I bought a plastic one for $1.47 that works great as a Fire stand.  It comes apart for flat storage.  They are usually sold in the picture frame, plate stand or paint supply aisles.  I've seen them at Dollar Tree too.  They could be spray painted for customization.  .


----------



## Shastastan (Oct 28, 2009)

Kelvweb said:


> Hobby Lobby, JoAnns, Michaels etc. usually sell small plastic and metal easels that will hold the Fire.
> 
> I bought a plastic one for $1.47 that works great as a Fire stand. It comes apart for flat storage. They are usually sold in the picture frame, plate stand or paint supply aisles. I've seen them at Dollar Tree too. They could be spray painted for customization. .


Good for you. The purpose of my post was to alert folks to the cheaper alternatives

from my Kindle Fire using Tapatalk


----------



## Kelvweb (Nov 18, 2011)

Some more inexpensive stand ideas:

The first two links are what the craft stores have:

http://easels.com/index.php?main_page=index&cPath=122
http://easels.com/index.php?main_page=index&cPath=75

http://www.displays2go.com/Category.aspx?ID=22245


----------



## geniebeanie (Apr 23, 2009)

I got a cheap one in five and below.  It is for  a ipod but works great with the fire.


----------



## dori chatelain (Dec 31, 2011)

I like the idea of a holder for the fire.

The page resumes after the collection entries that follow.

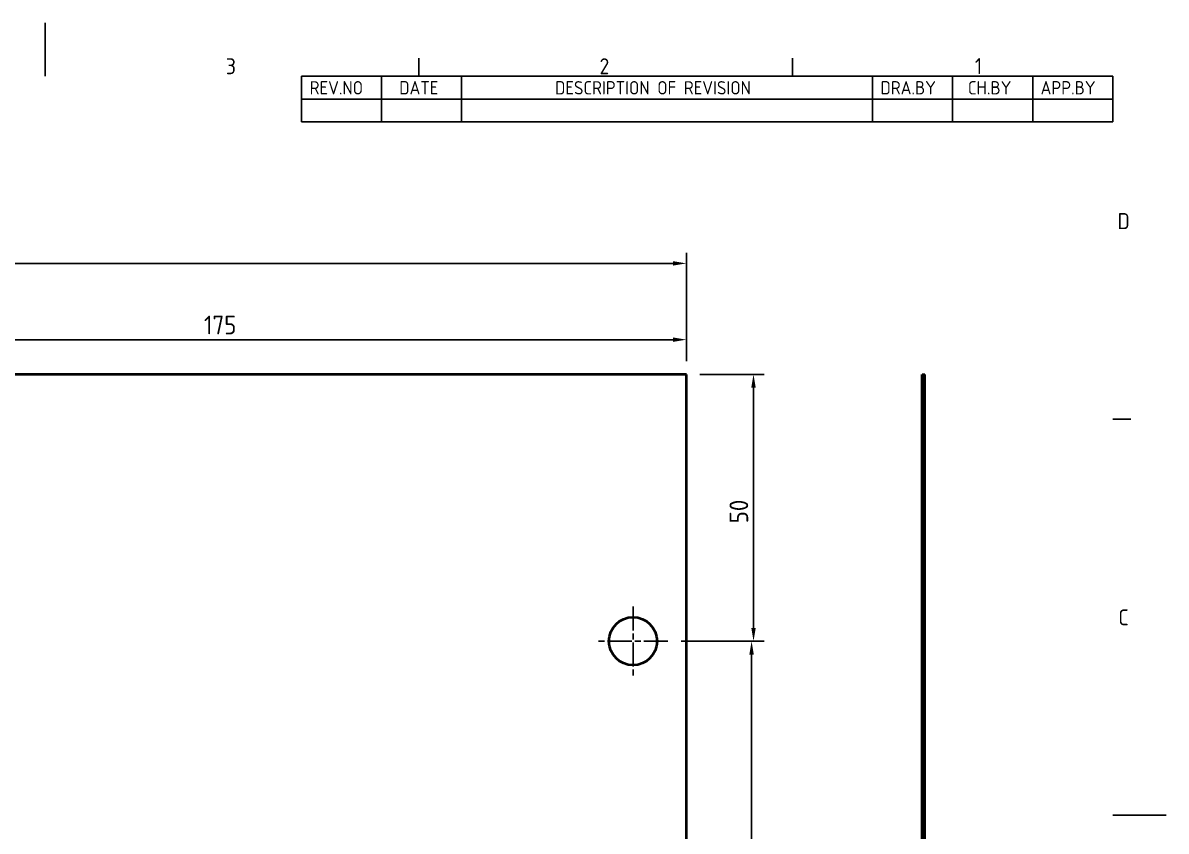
# Model space of a CAD drawing. Header units: millimetres. Extents: x 0 to 420, y 0 to 297.
# Drawn here: x 205.8 to 420, y 145.5 to 297 of the extents above; entities that cross this region are included whole.
import ezdxf

# ---------------------------------------------------------------- set-up
doc = ezdxf.new("R2010")
doc.units = ezdxf.units.MM
doc.linetypes.add('CHAIN', pattern=[0.35429999999999995, 0.2362, -0.0295, 0.0591, -0.0295])
doc.linetypes.add('DASHED', pattern=[0.2067, 0.1654, -0.0413])
doc.layers.get('0').update_dxf_attribs({"color": 3, "lineweight": 25})
for name, color, linetype, lineweight in [('가려진 것(ISO)', 2, 'DASHED', 18), ('가시적인 것(ISO)', 3, 'Continuous', 40), ('경계(ISO)', 7, 'Continuous', 25), ('기호(ISO)', 5, 'Continuous', 25), ('중심 표식(ISO)', 1, 'Continuous', 25), ('치수(ISO)', 2, 'Continuous', 25)]:
    doc.layers.add(name, color=color, linetype=linetype, lineweight=lineweight)
doc.styles.add('ISO ProportionalPSTEK', font='isocp.shx')
doc.styles.add('문자 텍스트_PSTEK_POSCO', font='isocp.shx')
doc.styles.add('치수 텍스트_PSTEK_POSCO', font='isocp.shx')
doc.dimstyles.new('치수_PSTEK_POSCO', dxfattribs={"dimtxt": 3.5, "dimasz": 2.5, "dimexe": 2, "dimexo": 2.5, "dimgap": 1, "dimtad": 1, "dimrnd": 1e-08, "dimdsep": 46, "dimtxsty": '치수 텍스트_PSTEK_POSCO', "dimcen": 0.09, "dimdle": 10, "dimclrd": 7, "dimclre": 7, "dimclrt": 2, "dimadec": 1, "dimazin": 2, "dimtfac": 1, "dimtmove": 0, "dimatfit": 3, "dimfxl": 0, "dimtolj": 1, "dimlwd": -1, "dimlwe": -1, "dimarcsym": 0})

# ---------------------------------------------------------------- blocks, each defined once
blk = doc.blocks.new('경계 Default Border')
at = {"layer": '경계(ISO)'}
for p, q in [((280, 287.0000076293945), (280, 290.4000091552734)), ((350, 287.0000076293945), (350, 290.4000091552734)), ((410, 222.7499961853027), (413.4000015258789, 222.7499961853027))]:
    blk.add_line(p, q, dxfattribs=at)
at = {"layer": '경계(ISO)', "flags": 128}
for points in [[(210, 297.0000076293945), (210, 287.0000076293945)], [(420, 148.5000038146973), (410, 148.5000038146973)]]:
    blk.add_lwpolyline(points, dxfattribs=at)
at = {"layer": '경계(ISO)', "color": 2, "char_height": 3.00000011920929, "attachment_point": 7, "style": '문자 텍스트_PSTEK_POSCO'}
for s, insert in [('3', (243.8325386494398, 287.3713945155963)), ('2', (313.8325386494398, 287.3713945155963)), ('1', (384.1668652743101, 287.4)), ('D', (410.878270202895, 258.3463944559917)), ('C', (411.0445395201643, 184.0963944559917))]:
    blk.add_mtext(s, dxfattribs=dict(at, insert=insert))
blk = doc.blocks.new('리비전 내역')
at = {"layer": '기호(ISO)'}
for p, q in [((258, 287.0000076293945), (410, 287.0000076293945)), ((258, 287.0000076293945), (258, 282.7200076293945)), ((273, 287.0000076293945), (273, 282.7200076293945)), ((288, 287.0000076293945), (288, 282.7200076293945)), ((365, 287.0000076293945), (365, 282.7200076293945)), ((380, 287.0000076293945), (380, 282.7200076293945)), ((395, 287.0000076293945), (395, 282.7200076293945)), ((410, 287.0000076293945), (410, 282.7200076293945)), ((258, 282.7200076293945), (410, 282.7200076293945)), ((258, 282.7200076293945), (258, 278.4400076293945)), ((273, 282.7200076293945), (273, 278.4400076293945)), ((288, 282.7200076293945), (288, 278.4400076293945)), ((365, 282.7200076293945), (365, 278.4400076293945)), ((380, 282.7200076293945), (380, 278.4400076293945)), ((395, 282.7200076293945), (395, 278.4400076293945)), ((410, 282.7200076293945), (410, 278.4400076293945)), ((258, 278.4400076293945), (410, 278.4400076293945))]:
    blk.add_line(p, q, dxfattribs=at)
at = {"layer": '기호(ISO)', "color": 2, "char_height": 2.5, "attachment_point": 7, "style": 'ISO ProportionalPSTEK'}
for s, insert in [('REV.NO', (259.5271157026291, 283.5831900503393)), ('DATE', (276.3142317728366, 283.5831900503393)), ('DESCRIPTION OF REVISION', (305.5070204333629, 283.5831900503393)), ('DRA.BY', (366.4757339553204, 283.5831900503393)), ('CH.BY', (382.8642915086117, 283.5831900503393)), ('APP.BY', (396.4777339604404, 283.5831900503393))]:
    blk.add_mtext(s, dxfattribs=dict(at, insert=insert))
blk = doc.blocks.new('*D24')
at = {"layer": 'Defpoints', "color": 0}
for p in [(55.11502819918402, 251.9228282723807), (55.11502819918402, 231.1280988262648), (330.1150281991841, 231.1280988262648)]:
    blk.add_point(p, dxfattribs=at)
at = {"layer": '치수(ISO)', "color": 7}
for p, q in [((55.11502819918402, 233.6280988262648), (55.11502819918402, 253.9228282723807)), ((330.1150281991841, 233.6280988262648), (330.1150281991841, 253.9228282723807)), ((327.6150281991841, 251.9228282723807), (57.61502819918402, 251.9228282723807))]:
    blk.add_line(p, q, dxfattribs=at)
for points in [[(57.61502819918402, 252.3394949390474), (57.61502819918402, 251.5061616057141), (55.11502819918402, 251.9228282723807)], [(327.6150281991841, 252.3394949390474), (327.6150281991841, 251.5061616057141), (330.1150281991841, 251.9228282723807)]]:
    blk.add_solid(points, dxfattribs=at)
at = {"layer": '치수(ISO)', "color": 2, "insert": (189.3481018493908, 254.6731727605697), "char_height": 3.5, "attachment_point": 4, "style": '치수 텍스트_PSTEK_POSCO'}
blk.add_mtext('\\A1;275', dxfattribs=at)
blk = doc.blocks.new('*D31')
at = {"layer": 'Defpoints', "color": 0}
for p in [(326.6150281991966, 181.1280988262936), (342.333724542978, 181.1280988262936), (326.6150281991966, 91.12809882626479)]:
    blk.add_point(p, dxfattribs=at)
at = {"layer": '치수(ISO)', "color": 7}
for p, q in [((329.1150281991966, 181.1280988262936), (344.333724542978, 181.1280988262936)), ((342.333724542978, 93.62809882626479), (342.333724542978, 178.6280988262936)), ((329.1150281991966, 91.12809882626479), (344.333724542978, 91.12809882626479))]:
    blk.add_line(p, q, dxfattribs=at)
for points in [[(341.9170578763113, 178.6280988262936), (342.7503912096447, 178.6280988262936), (342.333724542978, 181.1280988262936)], [(341.9170578763113, 93.62809882626479), (342.7503912096446, 93.62809882626479), (342.333724542978, 91.12809882626479)]]:
    blk.add_solid(points, dxfattribs=at)
at = {"layer": '치수(ISO)', "color": 2, "insert": (339.583724542978, 134.129233500108), "char_height": 3.5, "attachment_point": 4, "rotation": 90, "style": '치수 텍스트_PSTEK_POSCO'}
blk.add_mtext('\\A1;90', dxfattribs=at)
blk = doc.blocks.new('*D32')
at = {"layer": 'Defpoints', "color": 0}
for p in [(330.1150281991841, 231.1280988262648), (342.6934582347993, 231.1280988262648), (326.6150281991966, 181.1280988262936)]:
    blk.add_point(p, dxfattribs=at)
at = {"layer": '치수(ISO)', "color": 7}
for p, q in [((332.6150281991841, 231.1280988262648), (344.6934582347993, 231.1280988262648)), ((342.6934582347993, 183.6280988262936), (342.6934582347993, 228.6280988262648)), ((329.1150281991966, 181.1280988262936), (344.6934582347993, 181.1280988262936))]:
    blk.add_line(p, q, dxfattribs=at)
for points in [[(342.2767915681326, 228.6280988262648), (343.110124901466, 228.6280988262648), (342.6934582347993, 231.1280988262648)], [(342.2767915681326, 183.6280988262936), (343.110124901466, 183.6280988262936), (342.6934582347993, 181.1280988262936)]]:
    blk.add_solid(points, dxfattribs=at)
at = {"layer": '치수(ISO)', "color": 2, "insert": (339.9434582347992, 203.2017208735377), "char_height": 3.5, "attachment_point": 4, "rotation": 90, "style": '치수 텍스트_PSTEK_POSCO'}
blk.add_mtext('\\A1;50', dxfattribs=at)
blk = doc.blocks.new('*D37')
at = {"layer": 'Defpoints', "color": 0}
for p in [(330.1150281991841, 237.6280988262934), (330.1150281991841, 231.1280988262648), (155.1150281991908, 227.6280988262934)]:
    blk.add_point(p, dxfattribs=at)
at = {"layer": '치수(ISO)', "color": 7}
for p, q in [((155.1150281991908, 230.1280988262934), (155.1150281991908, 239.6280988262934)), ((330.1150281991841, 233.6280988262648), (330.1150281991841, 239.6280988262934)), ((157.6150281991908, 237.6280988262934), (327.6150281991841, 237.6280988262934))]:
    blk.add_line(p, q, dxfattribs=at)
for points in [[(157.6150281991908, 238.0447654929601), (157.6150281991908, 237.2114321596268), (155.1150281991908, 237.6280988262934)], [(327.6150281991841, 238.0447654929601), (327.6150281991841, 237.2114321596268), (330.1150281991841, 237.6280988262934)]]:
    blk.add_solid(points, dxfattribs=at)
at = {"layer": '치수(ISO)', "color": 2, "insert": (239.7425408257722, 240.3780988262934), "char_height": 3.5, "attachment_point": 4, "style": '치수 텍스트_PSTEK_POSCO'}
blk.add_mtext('\\A1;175', dxfattribs=at)

msp = doc.modelspace()

# ---------------------------------------------------------------- linework, layer by layer
at = {"layer": '가려진 것(ISO)', "ltscale": 0.9522482752799988}
for p, q in [((374.2702437505562, 225.6280988262934), (374.7702437505563, 225.6280988262934)), ((374.2702437505562, 216.6280988262934), (374.7702437505563, 216.6280988262934)), ((374.2702437506052, 185.6280988262937), (374.7702437506052, 185.6280988262937)), ((374.2702437506052, 176.6280988262937), (374.7702437506052, 176.6280988262937))]:
    msp.add_line(p, q, dxfattribs=at)
at = {"layer": '가시적인 것(ISO)'}
for p, q in [((330.1150281991841, 231.1280988262648), (55.11502819918402, 231.1280988262648)), ((330.1150281991841, 81.12809882626479), (330.1150281991841, 231.1280988262648)), ((374.2702437506082, 231.1280988262648), (374.7702437506082, 231.1280988262648)), ((374.2702437506082, 81.12809882626482), (374.2702437506082, 231.1280988262648)), ((374.7702437506082, 81.12809882626482), (374.7702437506082, 231.1280988262648))]:
    msp.add_line(p, q, dxfattribs=at)
msp.add_circle((320.1150281991966, 181.1280988262936), 4.500000000000001, dxfattribs=at)
at = {"layer": '중심 표식(ISO)', "linetype": 'CHAIN', "ltscale": 19.05165100097656}
for p, q in [((320.1150281991966, 187.6280988262936), (320.1150281991966, 174.6280988262936)), ((326.6150281991966, 181.1280988262936), (313.6150281991967, 181.1280988262936))]:
    msp.add_line(p, q, dxfattribs=at)

# ---------------------------------------------------------------- block references
msp.add_blockref('경계 Default Border', (0, 0))
at = {"layer": '기호(ISO)'}
msp.add_blockref('리비전 내역', (0, 0), dxfattribs=at)

# ---------------------------------------------------------------- dimensions: what is measured, and where the dimension line sits
at = {"layer": '치수(ISO)', "color": 7}
for base, p1, p2, angle, picture, middle in [((55.11502819918402, 251.9228282723807), (330.1150281991841, 231.1280988262648), (55.11502819918402, 231.1280988262648), 180, '*D24', (192.6150281991841, 251.9228282723807)), ((330.1150281991841, 237.6280988262934), (155.1150281991908, 227.6280988262934), (330.1150281991841, 231.1280988262648), 180, '*D37', (242.6150281991875, 237.6280988262934)), ((342.6934582347993, 231.1280988262648), (326.6150281991966, 181.1280988262936), (330.1150281991841, 231.1280988262648), 90, '*D32', (342.6934582347992, 205.1280988262936)), ((342.333724542978, 181.1280988262936), (326.6150281991966, 91.12809882626479), (326.6150281991966, 181.1280988262936), 90, '*D31', (342.333724542978, 136.1280988262792))]:
    dim = msp.add_linear_dim(base=base, p1=p1, p2=p2, angle=angle, dimstyle='치수_PSTEK_POSCO', override={"dimdec": 2, "dimtp": 0, "dimtm": -0, "dimtdec": 2, "dimtofl": 0, "dimatfit": 1}, dxfattribs=at)
    dim.commit()
    dim.dimension.update_dxf_attribs({"geometry": picture, "text_midpoint": middle, "dimtype": 160})

doc.saveas('drawing.dxf')

At night in bed I use a rolled pillow against the wall and lean the kindle and fire on it against the wall and I can lay there with an arm rest and a kindle holder and all I have to do it turn the pages. and when I fall asleep the kindle is safe sitting on the pillow.

I need a holder for when I am in the living room though... that would be nice. I kinda like the pillows that hold books. http://www.amazon.com/Hog-Wild-Peeramid-Bookrest-Burgundy/dp/B000X4K292/ref=sr_1_7?ie=UTF8&qid=1325375175&sr=8-7

With something like this I can lay in my recliner and have it on my lap and read....


----------



## teri (Sep 13, 2010)

I just ran across this one. I wonder if they make it in Kindle size? LOL I love the idea... http://1saleaday.com/flash/plunge-stand/


----------



## BTackitt (Dec 15, 2008)

For reading in bed DH & I use CoylCushions for his iPad and my Fire/Kindle. 
http://coylscustomcreations.com/


----------



## Betsy the Quilter (Oct 27, 2008)

And a reminder that we also have an Accessories forum...

you may find other ideas there...

Betsy


----------